*Directions:*
All pictures are to be skipped; retype only the lines from the top of the entries through the line with "Scope : Scope", both included.

*Source data:*
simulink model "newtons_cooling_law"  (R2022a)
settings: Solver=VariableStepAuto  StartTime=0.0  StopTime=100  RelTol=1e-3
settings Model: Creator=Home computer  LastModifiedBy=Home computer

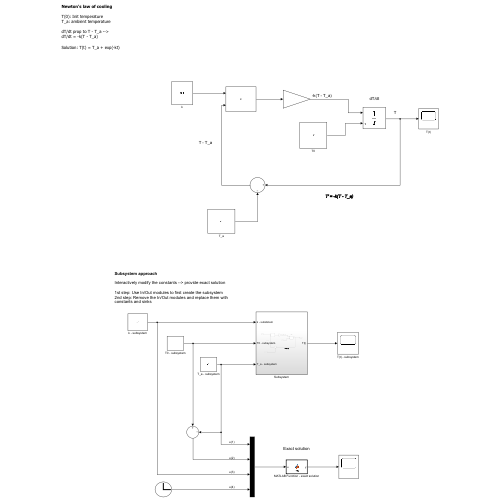
[thumbnail: Simulink's stored preview of the top-level diagram]
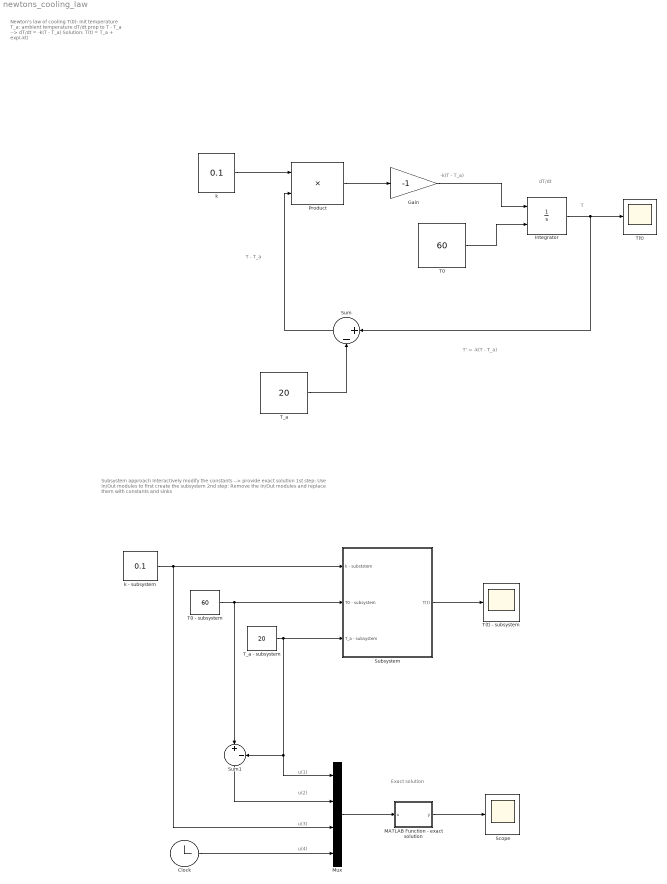
== system newtons_cooling_law ==
  note: Exact solution
  note: u(1)
  note: u(2)
  note: u(4)
  note: u(3)
  note: Subsystem approach
      |
      | Interactively modify the constants --> provide exact solution
      |
      | 1st step: Use In/Out modules to first create the subsystem
      | 2nd step: Remove the In/Out modules and replace them with constants and sinks
  note: T - T_a
  note: -k(T - T_a)
  note: T' = -k(T - T_a)
  note: T
  note: dT/dt
  note: Newton's law of cooling
      |
      | T(0): Init temperature
      | T_a: ambient temperature
      |
      | dT/dt prop to T - T_a -->
      | dT/dt = -k(T - T_a)
      |
      | Solution: T(t) = T_a + exp(-kt)
  Clock : Clock
  Gain : Gain  Gain=-1
  Integrator : Integrator  InitialConditionSource=external
  MATLAB Function - exact solution : MATLAB Function  TreatAsAtomicUnit=on
  Mux : Mux
  Product : Product
  Scope : Scope
  Subsystem : Subsystem
  Sum : Sum  Inputs=|+-
  Sum1 : Sum  Inputs=|+-
  T(t) : Scope
  T(t) - subsystem : Scope
  T0 : Constant  Value=60
  T0 - subsystem : Constant  Value=60
  T_a : Constant  Value=20
  T_a - subsystem : Constant  Value=20
  k : Constant  Value=0.1
  k - subsystem : Constant  Value=0.1
  wires:
  k/1 -> Product/1
  Product/1 -> Gain/1
  Gain/1 -> Integrator/1
  Integrator/1 -> Sum/1, T(t)/1
  T0/1 -> Integrator/2
  T_a/1 -> Sum/2
  Sum/1 -> Product/2
  k - subsystem/1 -> Mux/3, Subsystem/1(k - subststem)
  T0 - subsystem/1 -> Subsystem/2(T0 - subsystem), Sum1/1
  T_a - subsystem/1 -> Subsystem/3(T_a - subsystem), Mux/1, Sum1/2
  Subsystem/1(T(t)) -> T(t) - subsystem/1
  Mux/1 -> MATLAB Function - exact solution/1(u)
  Clock/1 -> Mux/4
  Sum1/1 -> Mux/2
  MATLAB Function - exact solution/1(y) -> Scope/1

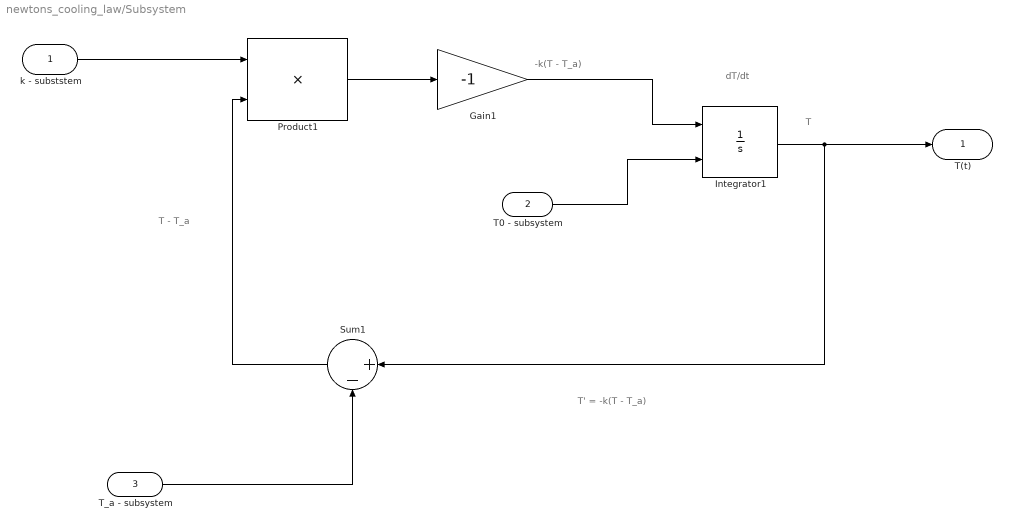
== system newtons_cooling_law/Subsystem ==
  note: T - T_a
  note: T' = -k(T - T_a)
  note: dT/dt
  note: T
  note: -k(T - T_a)
  k - subststem : Inport
  T0 - subsystem : Inport  Port=2
  T_a - subsystem : Inport  Port=3
  Gain1 : Gain  Gain=-1
  Integrator1 : Integrator  InitialConditionSource=external
  Product1 : Product
  Sum1 : Sum  Inputs=|+-
  T(t) : Outport
  wires:
  T0 - subsystem/1 -> Integrator1/2
  Gain1/1 -> Integrator1/1
  Integrator1/1 -> T(t)/1, Sum1/1
  Sum1/1 -> Product1/2
  k - subststem/1 -> Product1/1
  Product1/1 -> Gain1/1
  T_a - subsystem/1 -> Sum1/2

== matlab function newtons_cooling_law/MATLAB Function - exact solution ==
  data: u input; y output
function y = fcn(u)

% u(1): T_a
% u(2): T0 - T_a
% u(3): k
% u(4): t
y = u(1)+u(2)*exp(-u(3)*u(4));

*Final answer:*
simulink model "newtons_cooling_law"  (R2022a)
settings: Solver=VariableStepAuto  StartTime=0.0  StopTime=100  RelTol=1e-3
settings Model: Creator=Home computer  LastModifiedBy=Home computer

[thumbnail: Simulink's stored preview of the top-level diagram]
== system newtons_cooling_law ==
  note: Exact solution
  note: u(1)
  note: u(2)
  note: u(4)
  note: u(3)
  note: Subsystem approach
      |
      | Interactively modify the constants --> provide exact solution
      |
      | 1st step: Use In/Out modules to first create the subsystem
      | 2nd step: Remove the In/Out modules and replace them with constants and sinks
  note: T - T_a
  note: -k(T - T_a)
  note: T' = -k(T - T_a)
  note: T
  note: dT/dt
  note: Newton's law of cooling
      |
      | T(0): Init temperature
      | T_a: ambient temperature
      |
      | dT/dt prop to T - T_a -->
      | dT/dt = -k(T - T_a)
      |
      | Solution: T(t) = T_a + exp(-kt)
  Clock : Clock
  Gain : Gain  Gain=-1
  Integrator : Integrator  InitialConditionSource=external
  MATLAB Function - exact solution : MATLAB Function  TreatAsAtomicUnit=on
  Mux : Mux
  Product : Product
  Scope : Scope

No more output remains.